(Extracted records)
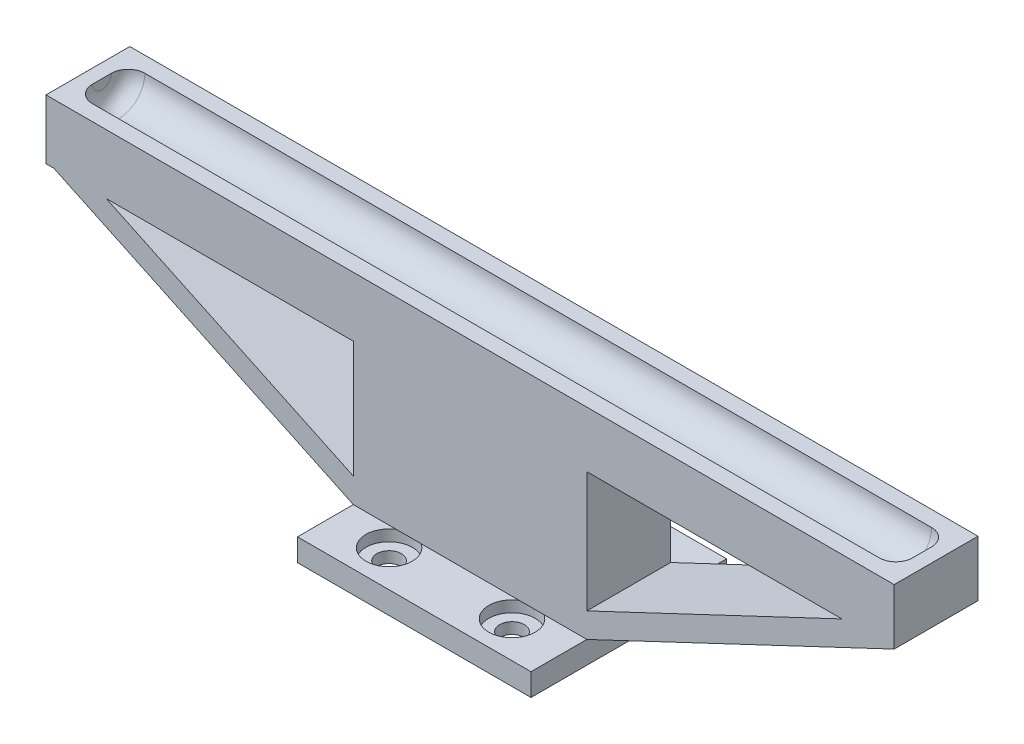
SolidWorks part; units mm, degrees
ref_plane "Front Plane" through (0, 0, 0) normal (0, 0, 1) x (1, 0, 0)
ref_plane "Top Plane" through (0, 0, 0) normal (0, 1, 0) x (1, 0, 0)
ref_plane "Right Plane" through (0, 0, 0) normal (1, 0, 0) x (0, 0, -1)
sketch "Sketch1" plane through (0, 0, 0) normal (0, 1, 0) x (1, 0, 0)
  line L8 (0, 28.0906) -> (151.8, 28.0906)
  line L9 (0, 28.0906) -> (0, 13.0906)
  line L10 (0, 13.0906) -> (151.8, 13.0906)
  line L11 (151.8, 28.0906) -> (151.8, 13.0906)
  line L22 (7.5, 20.5906) -> (144.3, 20.5906) construction
  circle A0 centre (7.5, 20.5906) radius 4.7 construction
  circle A1 centre (22.7, 20.5906) radius 4.7 construction
  circle A2 centre (37.9, 20.5906) radius 4.7 construction
  circle A3 centre (53.1, 20.5906) radius 4.7 construction
  circle A4 centre (68.3, 20.5906) radius 4.7 construction
  circle A5 centre (83.5, 20.5906) radius 4.7 construction
  circle A6 centre (98.7, 20.5906) radius 4.7 construction
  circle A7 centre (113.9, 20.5906) radius 4.7 construction
  circle A8 centre (129.1, 20.5906) radius 4.7 construction
  circle A9 centre (144.3, 20.5906) radius 4.7 construction
  circle A10 centre (15.1, 33.2906) radius 4.7 construction
  circle A11 centre (30.3, 33.2906) radius 4.7 construction
  circle A12 centre (45.5, 33.2906) radius 4.7 construction
  circle A13 centre (60.7, 33.2906) radius 4.7 construction
  circle A14 centre (75.9, 33.2906) radius 4.7 construction
  circle A15 centre (91.1, 33.2906) radius 4.7 construction
  circle A16 centre (106.3, 33.2906) radius 4.7 construction
  circle A17 centre (121.5, 33.2906) radius 4.7 construction
  circle A18 centre (136.7, 33.2906) radius 4.7 construction
  circle A19 centre (151.9, 33.2906) radius 4.7 construction
  dimension "D2" = 9.4
  dimension "D4" = 7.5
  dimension "D8" = 9.4
  dimension "D9" = 10
  dimension "D1" = 7.5
  dimension "D5" = 136.8
  dimension "D6" = 7.5
  dimension "7.5" = 7.5
  dimension "D10" = 12.7
  dimension "D11" = 7.6
  dimension "D3" = 10
extrude "Boss-Extrude1" add sketch "Sketch1" along normal blind 40
sketch "Sketch2" plane through (0, 0, -13.0906) normal (0, 0, 1) x (1, 0, 0)
  line L0 (0, 0) -> (151.8, 0) construction
  line L1 (55, 0) -> (96.8, 0)
  line L2 (55, 0) -> (55, 4)
  line L3 (55, 4) -> (96.8, 4)
  line L4 (96.8, 0) -> (96.8, 4)
  line L5 (151.8, 40) -> (151.8, 0) construction
  line L6 (0, 40) -> (0, 0) construction
  dimension "D1" = 55
  dimension "D2" = 55
  dimension "D3" = 4
extrude "Boss-Extrude2" add sketch "Sketch2" along normal blind 10
sketch "Sketch3" plane through (0, 0, 0) normal (0, -1, 0) x (1, 0, 0)
  line L0 (0, -20.5906) -> (151.8, -20.5906) construction
  line L1 (0, -28.0906) -> (0, -13.0906) construction
  line L2 (151.8, -13.0906) -> (151.8, -28.0906) construction
  line L3 (75.9, -28.0906) -> (75.9, -3.0906) construction
  line L4 (151.8, -28.0906) -> (0, -28.0906) construction
  line L5 (55, -3.0906) -> (96.8, -3.0906) construction
  circle A0 centre (86.9, -9.5906) radius 4.15
  circle A1 centre (86.9, -9.5906) radius 2.2
  circle A2 centre (64.9, -31.5906) radius 4.15 construction
  circle A3 centre (64.9, -31.5906) radius 2.2 construction
  circle A4 centre (86.9, -31.5906) radius 4.15 construction
  circle A5 centre (86.9, -31.5906) radius 2.2 construction
  circle A6 centre (64.9, -9.5906) radius 4.15
  circle A7 centre (64.9, -9.5906) radius 2.2
  dimension "D1" = 8.3
  dimension "D2" = 8.3
  dimension "D3" = 8.3
  dimension "D4" = 8.3
  dimension "D5" = 4.4
  dimension "D6" = 4.4
  dimension "D7" = 4.4
  dimension "D8" = 4.4
  dimension "D9" = 11
  dimension "D10" = 11
  dimension "D11" = 11
  dimension "D12" = 11
  dimension "D13" = 22
  dimension "D14" = 22
  dimension "D15" = 11
  dimension "D16" = 11
extrude "Cut-Extrude1" cut sketch "Sketch3" against normal blind 40 contours A7 | A1
sketch "Sketch4" plane through (0, 4, 0) normal (0, 1, 0) x (1, 0, 0)
  circle A0 centre (64.9, 9.5906) radius 4.15
  circle A1 centre (86.9, 9.5906) radius 4.15
  dimension "D1" = 8.3
  dimension "D2" = 8.3
extrude "Cut-Extrude2" cut sketch "Sketch4" against normal blind 2
sketch "Sketch5" plane through (0, 40, 0) normal (0, 1, 0) x (1, 0, 0)
  circle A0 centre (64.9, 9.5906) radius 4.15
  circle A1 centre (86.9, 9.5906) radius 4.15
sketch "Sketch6" plane through (0, 0, 0) normal (-1, 0, 0) x (0, 0, 1)
  line L1 (-28.0906, 40) -> (-13.0906, 40) construction
  circle A1 centre (-20.5906, 40) radius 4.7
  dimension "D1" = 9.4
extrude "Cut-Extrude4" cut sketch "Sketch6" against normal up to surface (151.8 mm away) up to face at (151.8, 20, -20.5906)
sketch "Sketch7" plane through (0, 40, 0) normal (0, 1, 0) x (1, 0, 0)
  line L0 (151.8, 25.2906) -> (151.8, 28.0906) construction
  line L1 (151.8, 26.6906) -> (149.3, 26.6906)
  line L2 (151.8, 26.6906) -> (151.8, 13.0906)
  line L3 (151.8, 13.0906) -> (149.3, 13.0906)
  line L4 (149.3, 26.6906) -> (149.3, 13.0906)
  line L5 (0, 13.0906) -> (151.8, 13.0906) construction
  line L6 (0, 13.0906) -> (151.8, 13.0906) construction
  line L7 (0, 28.0906) -> (2.5, 28.0906)
  line L8 (0, 28.0906) -> (0, 13.0906)
  line L9 (0, 13.0906) -> (2.5, 13.0906)
  line L10 (2.5, 28.0906) -> (2.5, 13.0906)
  dimension "D1" = 2.5
  dimension "2" = 2.5
extrude "Boss-Extrude3" add sketch "Sketch7" against normal blind 10
fillet "Fillet1" radius 3 2 edges at (149.3, 35.3, -20.5906) (2.5, 35.3, -20.5906)
ref_plane "Plane1" through (0, 0, -20.5906) normal (0, 0, 1) x (1, 0, 0)
mirror "Mirror2" about plane through (0, 0, -20.5906) normal (0, 0, 1) of "Cut-Extrude1", "Boss-Extrude2", "Cut-Extrude2"
sketch "Sketch9" plane through (0, 0, -28.0906) normal (0, 0, -1) x (-1, 0, 0)
  line L0 (-151.8, 40) -> (-151.8, 0) construction
  line L1 (-151.8, 30) -> (-96.8, 30)
  line L2 (-151.8, 30) -> (-151.8, 0)
  line L3 (-151.8, 0) -> (-96.8, 0)
  line L4 (-96.8, 30) -> (-96.8, 0)
  line L5 (0, 40) -> (0, 0) construction
  line L6 (-55, 0) -> (0, 0)
  line L7 (-55, 0) -> (-55, 29.327)
  line L8 (-55, 29.327) -> (0, 29.327)
  line L9 (0, 0) -> (0, 29.327)
  line L10 (-151.8, 40) -> (0, 40) construction
  dimension "D1" = 10
extrude "Cut-Extrude5" cut sketch "Sketch9" against normal blind 15
sketch "Sketch10" plane through (0, 0, -28.0906) normal (0, 0, -1) x (-1, 0, 0)
  line L0 (-151.8, 30) -> (-96.8, 4)
  line L1 (-150.0905, 33.6163) -> (-95.0905, 7.6163)
  line L2 (-96.8, 4) -> (-95.0905, 7.6163)
  line L3 (-150.0905, 33.6163) -> (-151.8, 30)
  line L4 (-75.9, 40) -> (-75.9, 0) construction
  line L5 (-151.8, 40) -> (0, 40) construction
  line L6 (-55, 0) -> (-96.8, 0) construction
  line L7 (-1.7095, 33.6163) -> (-56.7095, 7.6163)
  line L8 (-55, 4) -> (-56.7095, 7.6163)
  line L9 (0, 30) -> (-55, 4)
  line L10 (-1.7095, 33.6163) -> (0, 30)
  dimension "D1" = 4
extrude "Boss-Extrude4" add sketch "Sketch10" against normal up to surface (15 mm away) up to face at (75.9, 18.5545, -13.0906)

# HOW TO COMPLETE THIS TASK
Look above for the line holding "4, 0) normal", then set down exactly that line and every line after it up to and including the line holding "normal blind 2", with nothing else.

# TASK ANSWER
sketch "Sketch4" plane through (0, 4, 0) normal (0, 1, 0) x (1, 0, 0)
  circle A0 centre (64.9, 9.5906) radius 4.15
  circle A1 centre (86.9, 9.5906) radius 4.15
  dimension "D1" = 8.3
  dimension "D2" = 8.3
extrude "Cut-Extrude2" cut sketch "Sketch4" against normal blind 2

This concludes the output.